## What you should do
Each line below should be repeated exactly, but no picture should be carried over.

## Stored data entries
>>

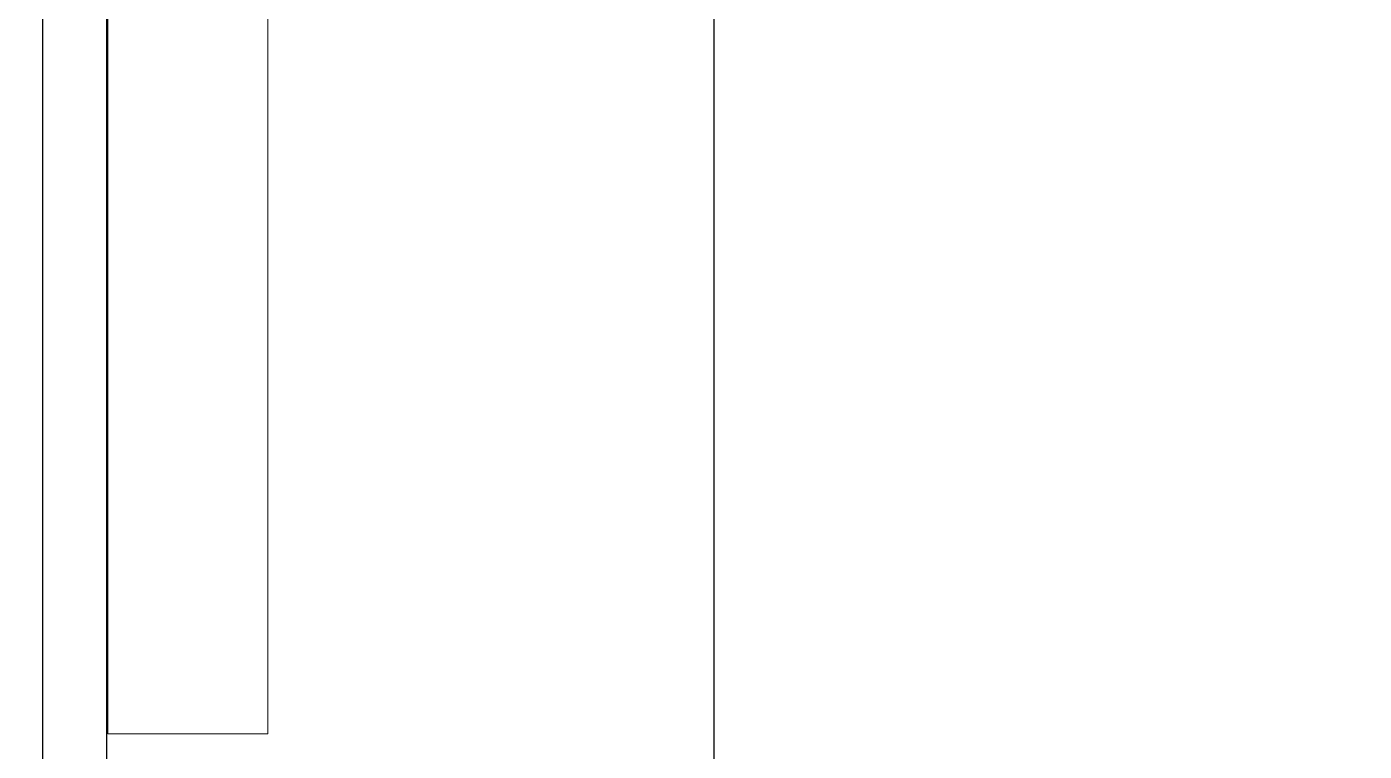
# Model space of a CAD drawing. Header units: millimetres. Extents: x -343543 to 400519, y -115663 to 104219.
# Drawn here: x -177160.6 to -176951.4, y 4732.1 to 4845.3 of the extents above; entities that cross this region are included whole.
import ezdxf

# ---------------------------------------------------------------- set-up
doc = ezdxf.new("R2010")
doc.units = ezdxf.units.MM
doc.layers.get('0').update_dxf_attribs({"color": 231, "lineweight": 0})
for name, color, linetype, lineweight in [('A-PATT', 252, 'Continuous', 9), ('A-SYMBOLS', 10, 'Continuous', 13), ('XREF MAT BANG TUONG XAY$0$01.Xref _MB T1$0$A-TEXT', 8, 'Continuous', 25)]:
    doc.layers.add(name, color=color, linetype=linetype, lineweight=lineweight)
doc.layers.add('XREF MAT BANG TUONG XAY$0$A-FNSH', color=8, linetype='Continuous')
doc.layers.add('XREF MAT BANG TUONG XAY$0$A-FURN', color=8, linetype='Continuous')

# ---------------------------------------------------------------- blocks, each defined once
blk = doc.blocks.new('XREF MAT BANG TUONG XAY$0$01.Xref _MB T1$0$Phong tam')
at = {"layer": 'XREF MAT BANG TUONG XAY$0$A-FURN', "color": 8, "elevation": 0}
blk.add_lwpolyline([(-4325, 6965), (-4420.01, 6965), (-4420.01, 1480), (-4325, 1480)], close=True, dxfattribs=at)
blk = doc.blocks.new('XREF MAT BANG NOI THAT')
at = {"color": 8}
blk.add_lwpolyline([(4185.19, 5234.82), (4210.19, 5234.82), (4210.19, 4734.82), (4185.19, 4734.82)], close=True, dxfattribs=at)
blk = doc.blocks.new('01.Xref _MB T1')
at = {"layer": 'XREF MAT BANG TUONG XAY$0$01.Xref _MB T1$0$A-TEXT', "color": 8}
blk.add_blockref('XREF MAT BANG TUONG XAY$0$01.Xref _MB T1$0$Phong tam', (8605.00011, 2999.99999), dxfattribs=at)
at = {"layer": 'XREF MAT BANG TUONG XAY$0$A-FNSH', "color": 8}
for points in [[(-15.00005, 10225.00021), (1890.00118, 10225.00021), (1890.00119, 10824.86981), (2150.00118, 10825.00868), (2150.0015, 10225.00011), (3280.00058, 10225.00011), (3279.97659, 10825.03045), (3540.00118, 10824.96241), (3540.00133, 10224.99984), (5475.00011, 10224.99984), (5475.00011, 9964.99997), (4184.98961, 9965.00167), (4184.98236, 4479.99998), (5730.00011, 4479.99998)], [(-15.00005, 10215.00021), (1900.00118, 10215.00021), (1900.00119, 10814.87515), (2140.00118, 10815.00334), (2140.0015, 10215.00011), (3290.00098, 10215.00011), (3289.97699, 10815.02783), (3530.00118, 10814.96502), (3530.00133, 10214.99984), (5465.00011, 10214.99984), (5465.00011, 9974.99999), (4174.98962, 9975.00168), (4174.98235, 4469.99998), (5720.00011, 4469.99998)]]:
    blk.add_lwpolyline(points, dxfattribs=at)
at = {"layer": 'A-PATT', "color": 8}
blk.add_blockref('XREF MAT BANG NOI THAT', (0, 0), dxfattribs=at)

msp = doc.modelspace()

# ---------------------------------------------------------------- block references
at = {"layer": 'A-SYMBOLS'}
msp.add_blockref('01.Xref _MB T1', (-181333.08, 0), dxfattribs=at)

doc.saveas('drawing.dxf')

<<

## Worked solution
# Model space of a CAD drawing. Header units: millimetres. Extents: x -343543 to 400519, y -115663 to 104219.
# Drawn here: x -177160.6 to -176951.4, y 4732.1 to 4845.3 of the extents above; entities that cross this region are included whole.
import ezdxf

# ---------------------------------------------------------------- set-up
doc = ezdxf.new("R2010")
doc.units = ezdxf.units.MM
doc.layers.get('0').update_dxf_attribs({"color": 231, "lineweight": 0})
for name, color, linetype, lineweight in [('A-PATT', 252, 'Continuous', 9), ('A-SYMBOLS', 10, 'Continuous', 13), ('XREF MAT BANG TUONG XAY$0$01.Xref _MB T1$0$A-TEXT', 8, 'Continuous', 25)]:
    doc.layers.add(name, color=color, linetype=linetype, lineweight=lineweight)
doc.layers.add('XREF MAT BANG TUONG XAY$0$A-FNSH', color=8, linetype='Continuous')
doc.layers.add('XREF MAT BANG TUONG XAY$0$A-FURN', color=8, linetype='Continuous')

# ---------------------------------------------------------------- blocks, each defined once
blk = doc.blocks.new('XREF MAT BANG TUONG XAY$0$01.Xref _MB T1$0$Phong tam')
at = {"layer": 'XREF MAT BANG TUONG XAY$0$A-FURN', "color": 8, "elevation": 0}
blk.add_lwpolyline([(-4325, 6965), (-4420.01, 6965), (-4420.01, 1480), (-4325, 1480)], close=True, dxfattribs=at)
blk = doc.blocks.new('XREF MAT BANG NOI THAT')
at = {"color": 8}
blk.add_lwpolyline([(4185.19, 5234.82), (4210.19, 5234.82), (4210.19, 4734.82), (4185.19, 4734.82)], close=True, dxfattribs=at)
blk = doc.blocks.new('01.Xref _MB T1')
at = {"layer": 'XREF MAT BANG TUONG XAY$0$01.Xref _MB T1$0$A-TEXT', "color": 8}
blk.add_blockref('XREF MAT BANG TUONG XAY$0$01.Xref _MB T1$0$Phong tam', (8605.00011, 2999.99999), dxfattribs=at)
at = {"layer": 'XREF MAT BANG TUONG XAY$0$A-FNSH', "color": 8}
for points in [[(-15.00005, 10225.00021), (1890.00118, 10225.00021), (1890.00119, 10824.86981), (2150.00118, 10825.00868), (2150.0015, 10225.00011), (3280.00058, 10225.00011), (3279.97659, 10825.03045), (3540.00118, 10824.96241), (3540.00133, 10224.99984), (5475.00011, 10224.99984), (5475.00011, 9964.99997), (4184.98961, 9965.00167), (4184.98236, 4479.99998), (5730.00011, 4479.99998)], [(-15.00005, 10215.00021), (1900.00118, 10215.00021), (1900.00119, 10814.87515), (2140.00118, 10815.00334), (2140.0015, 10215.00011), (3290.00098, 10215.00011), (3289.97699, 10815.02783), (3530.00118, 10814.96502), (3530.00133, 10214.99984), (5465.00011, 10214.99984), (5465.00011, 9974.99999), (4174.98962, 9975.00168), (4174.98235, 4469.99998), (5720.00011, 4469.99998)]]:
    blk.add_lwpolyline(points, dxfattribs=at)
at = {"layer": 'A-PATT', "color": 8}
blk.add_blockref('XREF MAT BANG NOI THAT', (0, 0), dxfattribs=at)

msp = doc.modelspace()

# ---------------------------------------------------------------- block references
at = {"layer": 'A-SYMBOLS'}
msp.add_blockref('01.Xref _MB T1', (-181333.08, 0), dxfattribs=at)

doc.saveas('drawing.dxf')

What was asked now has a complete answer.